> **Action item**:
Your answer should hold all lines of the entries that include the word "name".

[Collection entries]
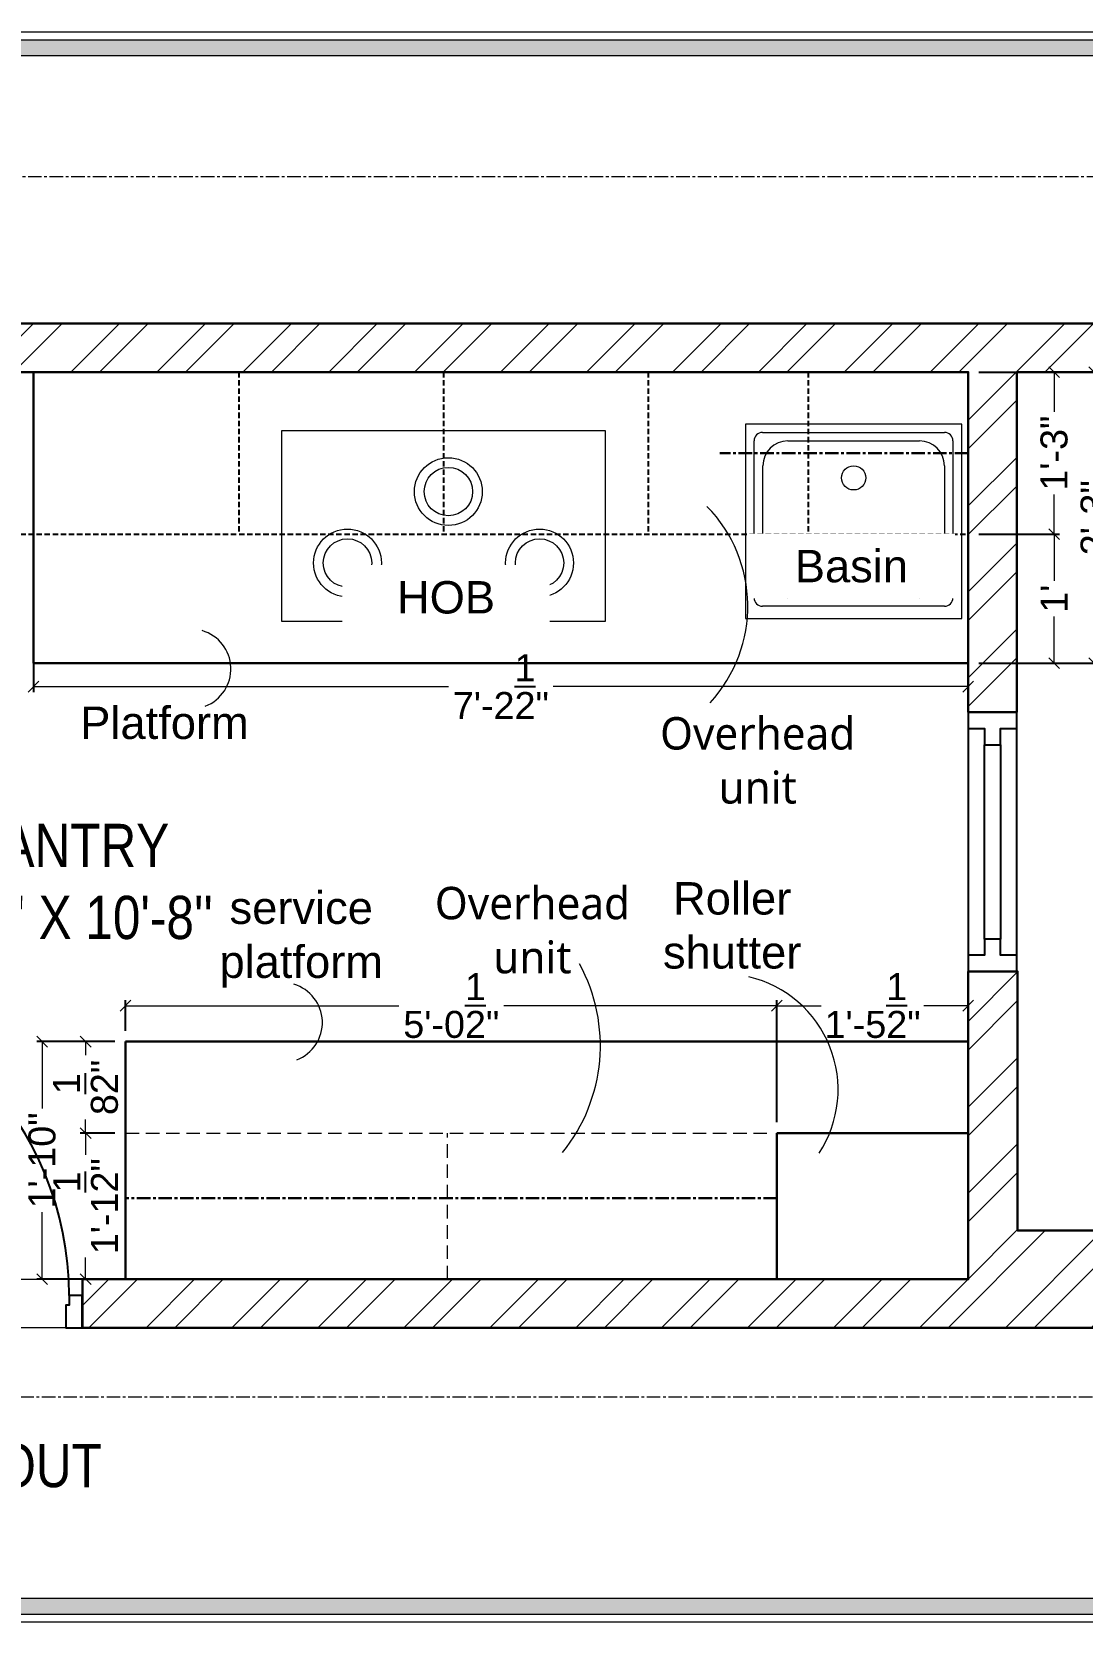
# Model space of a CAD drawing. Header units: millimetres. Extents: x 56222 to 3066687, y -650199 to -121287.
# Drawn here: x 134718.8 to 134816, y -184465.6 to -184318.3 of the extents above; entities that cross this region are included whole.
import ezdxf

# ---------------------------------------------------------------- set-up
doc = ezdxf.new("R2010")
doc.units = ezdxf.units.MM
doc.header["$MEASUREMENT"] = 0
doc.header["$PDMODE"] = 35
for name, pattern in [('ACAD_ISO02W100', [15, 12, -3]), ('CENTER', [2, 1.25, -0.25, 0.25, -0.25]), ('DASHED', [0.75, 0.5, -0.25]), ('DASHEDX2', [1.5, 1, -0.5]), ('HIDDEN', [0.375, 0.25, -0.125])]:
    doc.linetypes.add(name, pattern=pattern)
doc.layers.get('Defpoints').update_dxf_attribs({"color": 220})
doc.layers.add('AR DOOR', color=40, linetype='Continuous')
doc.layers.add('AR ELE-5', color=134, linetype='Continuous')
for name, color, linetype, lineweight in [('dim05', 1, 'Continuous', 13), ('Dimension', 10, 'DASHEDX2', 20), ('FIRST FLOOR', 7, 'Continuous', 9), ('FIRST FLOOR ( TEXT )', 7, 'Continuous', 9), ('FIRST FLOOR_( PLine )_', 251, 'Continuous', 30), ('FUR1', 1, 'Continuous', 0), ('FURNITURE', 32, 'Continuous', 9), ('hatch-wall', 8, 'Continuous', 9), ('Labelling', 1, 'Continuous', 25), ('wall', 7, 'Continuous', 30)]:
    doc.layers.add(name, color=color, linetype=linetype, lineweight=lineweight)
doc.layers.add('XX~SLAB ( PLINE )', color=251, linetype='Continuous', plot=False)
doc.styles.add('Arial', font='arial.ttf')
doc.styles.add('KATHA', font='swissc.ttf')
doc.styles.get("Standard").update_dxf_attribs({"font": 'arial.ttf', "height": 2.5})
doc.dimstyles.new('ISO-25', dxfattribs={"dimtxt": 2.5, "dimasz": 1, "dimexe": 0.5, "dimexo": 1, "dimtad": 0, "dimdec": 1, "dimlunit": 4, "dimtxsty": 'Standard', "dimblk": 'OBLIQUE', "dimcen": 2.5, "dimclrd": 1, "dimclre": 1, "dimclrt": 5, "dimadec": 0, "dimazin": 0, "dimtfac": 1, "dimtdec": 1, "dimtmove": 0, "dimatfit": 3, "dimfxl": 1, "dimlwd": -1, "dimarcsym": 0})

# ---------------------------------------------------------------- blocks, each defined once
blk = doc.blocks.new('*U144')
for points in [[(-1025.5, 0), (-985.5, 0), (-985.5, 30), (-975.5, 30), (-975.5, 100), (-1025.5, 100)], [(40, 0), (0, 0), (0, 30), (-10, 30), (-10, 100), (40, 100)], [(0, 0), (0, -985.5), (-30, -985.5), (-30, 0)]]:
    blk.add_lwpolyline(points, close=True)
at = {"layer": 'AR ELE-5', "linetype": 'ByBlock', "ltscale": 15}
blk.add_arc((1.4, 0.6), 987, 180.0347, 267.627, dxfattribs=at)
blk = doc.blocks.new('_Oblique')
at = {"layer": 'wall', "color": 0, "lineweight": -2}
blk.add_line((-0.5, -0.5), (0.5, 0.5), dxfattribs=at)
blk = doc.blocks.new('*D181')
at = {"layer": 'Defpoints', "color": 0, "lineweight": 30, "transparency": 16777216}
for p in [(134718.97, -184373.25), (134805.49, -184376.75), (134805.49, -184378.92)]:
    blk.add_point(p, dxfattribs=at)
at = {"layer": 'dim05', "color": 1, "linetype": 'Continuous', "lineweight": -2, "transparency": 16777216}
for p, q in [((134718.97, -184374.25), (134718.97, -184379.42)), ((134805.49, -184377.75), (134805.49, -184379.42))]:
    blk.add_line(p, q, dxfattribs=at)
at = {"layer": 'dim05', "color": 1, "linetype": 'Continuous', "transparency": 16777216}
for p, q in [((134718.97, -184378.92), (134757.38, -184378.92)), ((134805.49, -184378.92), (134767.08, -184378.92))]:
    blk.add_line(p, q, dxfattribs=at)
at = {"layer": 'dim05', "color": 1, "transparency": 16777216, "rotation": 180}
blk.add_blockref('_Oblique', (134718.97, -184378.92), dxfattribs=at)
at = {"layer": 'dim05', "color": 1, "transparency": 16777216}
blk.add_blockref('_Oblique', (134805.49, -184378.92), dxfattribs=at)
at = {"layer": 'dim05', "color": 5, "lineweight": 25, "transparency": 16777216, "insert": (134762.23, -184378.92), "char_height": 2.5, "attachment_point": 5, "style": 'Arial'}
blk.add_mtext('7\'-2{\\H1x;\\S1/2;}"', dxfattribs=at)
blk = doc.blocks.new('*D182')
at = {"layer": 'Defpoints', "color": 0, "lineweight": 30, "transparency": 16777216}
for p in [(134805.49, -184349.8), (134813.45, -184349.8), (134805.49, -184364.8)]:
    blk.add_point(p, dxfattribs=at)
at = {"layer": 'dim05', "color": 1, "linetype": 'Continuous', "lineweight": -2, "transparency": 16777216}
for p, q in [((134806.49, -184349.8), (134813.95, -184349.8)), ((134806.49, -184364.8), (134813.95, -184364.8))]:
    blk.add_line(p, q, dxfattribs=at)
at = {"layer": 'dim05', "color": 1, "linetype": 'Continuous', "transparency": 16777216}
for p, q in [((134813.45, -184349.8), (134813.45, -184353.47)), ((134813.45, -184364.8), (134813.45, -184361.13))]:
    blk.add_line(p, q, dxfattribs=at)
at = {"layer": 'dim05', "color": 1, "transparency": 16777216}
for p, rotation in [((134813.45, -184349.8), 90), ((134813.45, -184364.8), 270)]:
    blk.add_blockref('_Oblique', p, dxfattribs=dict(at, rotation=rotation))
at = {"layer": 'dim05', "color": 5, "lineweight": 25, "transparency": 16777216, "insert": (134813.45, -184357.3), "char_height": 2.5, "attachment_point": 5, "rotation": 90, "style": 'Arial'}
blk.add_mtext('1\'-3"', dxfattribs=at)
blk = doc.blocks.new('*D183')
at = {"layer": 'Defpoints', "color": 0, "lineweight": 30, "transparency": 16777216}
for p in [(134805.49, -184364.8), (134805.49, -184376.75), (134813.45, -184376.75)]:
    blk.add_point(p, dxfattribs=at)
at = {"layer": 'dim05', "color": 1, "linetype": 'Continuous', "lineweight": -2, "transparency": 16777216}
for p, q in [((134806.49, -184364.8), (134813.95, -184364.8)), ((134806.49, -184376.75), (134813.95, -184376.75))]:
    blk.add_line(p, q, dxfattribs=at)
at = {"layer": 'dim05', "color": 1, "linetype": 'Continuous', "transparency": 16777216}
for p, q in [((134813.45, -184364.8), (134813.45, -184369.12)), ((134813.45, -184376.75), (134813.45, -184372.43))]:
    blk.add_line(p, q, dxfattribs=at)
at = {"layer": 'dim05', "color": 1, "transparency": 16777216}
for p, rotation in [((134813.45, -184364.8), 90), ((134813.45, -184376.75), 270)]:
    blk.add_blockref('_Oblique', p, dxfattribs=dict(at, rotation=rotation))
at = {"layer": 'dim05', "color": 5, "lineweight": 25, "transparency": 16777216, "insert": (134813.45, -184370.78), "char_height": 2.5, "attachment_point": 5, "rotation": 90, "style": 'Arial'}
blk.add_mtext("1'", dxfattribs=at)
blk = doc.blocks.new('*D184')
at = {"layer": 'Defpoints', "color": 0, "lineweight": 30, "transparency": 16777216}
for p in [(134727.49, -184411.8), (134719.76, -184433.8), (134727.49, -184433.8)]:
    blk.add_point(p, dxfattribs=at)
at = {"layer": 'dim05', "color": 1, "linetype": 'Continuous', "lineweight": -2, "transparency": 16777216}
for p, q in [((134726.49, -184411.8), (134719.26, -184411.8)), ((134726.49, -184433.8), (134719.26, -184433.8))]:
    blk.add_line(p, q, dxfattribs=at)
at = {"layer": 'dim05', "color": 1, "linetype": 'Continuous', "transparency": 16777216}
for p, q in [((134719.76, -184411.8), (134719.76, -184418)), ((134719.76, -184433.8), (134719.76, -184427.6))]:
    blk.add_line(p, q, dxfattribs=at)
at = {"layer": 'dim05', "color": 1, "transparency": 16777216}
for p, rotation in [((134719.76, -184411.8), 90), ((134719.76, -184433.8), 270)]:
    blk.add_blockref('_Oblique', p, dxfattribs=dict(at, rotation=rotation))
at = {"layer": 'dim05', "color": 5, "lineweight": 25, "transparency": 16777216, "insert": (134719.76, -184422.8), "char_height": 2.5, "attachment_point": 5, "rotation": 90, "style": 'Arial'}
blk.add_mtext('1\'-10"', dxfattribs=at)
blk = doc.blocks.new('*D185')
at = {"layer": 'Defpoints', "color": 0, "lineweight": 30, "transparency": 16777216}
for p in [(134727.49, -184420.27), (134723.79, -184433.8), (134727.49, -184433.8)]:
    blk.add_point(p, dxfattribs=at)
at = {"layer": 'dim05', "color": 1, "linetype": 'Continuous', "lineweight": -2, "transparency": 16777216}
for p, q in [((134726.49, -184420.27), (134723.29, -184420.27)), ((134726.49, -184433.8), (134723.29, -184433.8))]:
    blk.add_line(p, q, dxfattribs=at)
at = {"layer": 'dim05', "color": 1, "linetype": 'Continuous', "transparency": 16777216}
for p, q in [((134723.79, -184420.27), (134723.79, -184422.29)), ((134723.79, -184433.8), (134723.79, -184431.78))]:
    blk.add_line(p, q, dxfattribs=at)
at = {"layer": 'dim05', "color": 1, "transparency": 16777216}
for p, rotation in [((134723.79, -184420.27), 90), ((134723.79, -184433.8), 270)]:
    blk.add_blockref('_Oblique', p, dxfattribs=dict(at, rotation=rotation))
at = {"layer": 'dim05', "color": 5, "lineweight": 25, "transparency": 16777216, "insert": (134723.79, -184427.04), "char_height": 2.5, "attachment_point": 5, "rotation": 90, "style": 'Arial'}
blk.add_mtext('1\'-1{\\H1x;\\S1/2;}"', dxfattribs=at)
blk = doc.blocks.new('*D186')
at = {"layer": 'Defpoints', "color": 0, "lineweight": 30, "transparency": 16777216}
for p in [(134723.79, -184411.8), (134727.49, -184411.8), (134727.49, -184420.27)]:
    blk.add_point(p, dxfattribs=at)
at = {"layer": 'dim05', "color": 1, "linetype": 'Continuous', "lineweight": -2, "transparency": 16777216}
for p, q in [((134726.49, -184411.8), (134723.29, -184411.8)), ((134726.49, -184420.27), (134723.29, -184420.27))]:
    blk.add_line(p, q, dxfattribs=at)
at = {"layer": 'dim05', "color": 1, "linetype": 'Continuous', "transparency": 16777216}
for p, q in [((134723.79, -184411.8), (134723.79, -184413.06)), ((134723.79, -184420.27), (134723.79, -184419.01))]:
    blk.add_line(p, q, dxfattribs=at)
at = {"layer": 'dim05', "color": 1, "transparency": 16777216}
for p, rotation in [((134723.79, -184411.8), 90), ((134723.79, -184420.27), 270)]:
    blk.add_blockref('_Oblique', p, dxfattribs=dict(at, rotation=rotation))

> **Written response**:
for name, pattern in [('ACAD_ISO02W100', [15, 12, -3]), ('CENTER', [2, 1.25, -0.25, 0.25, -0.25]), ('DASHED', [0.75, 0.5, -0.25]), ('DASHEDX2', [1.5, 1, -0.5]), ('HIDDEN', [0.375, 0.25, -0.125])]:
    doc.linetypes.add(name, pattern=pattern)
for name, color, linetype, lineweight in [('dim05', 1, 'Continuous', 13), ('Dimension', 10, 'DASHEDX2', 20), ('FIRST FLOOR', 7, 'Continuous', 9), ('FIRST FLOOR ( TEXT )', 7, 'Continuous', 9), ('FIRST FLOOR_( PLine )_', 251, 'Continuous', 30), ('FUR1', 1, 'Continuous', 0), ('FURNITURE', 32, 'Continuous', 9), ('hatch-wall', 8, 'Continuous', 9), ('Labelling', 1, 'Continuous', 25), ('wall', 7, 'Continuous', 30)]:
    doc.layers.add(name, color=color, linetype=linetype, lineweight=lineweight)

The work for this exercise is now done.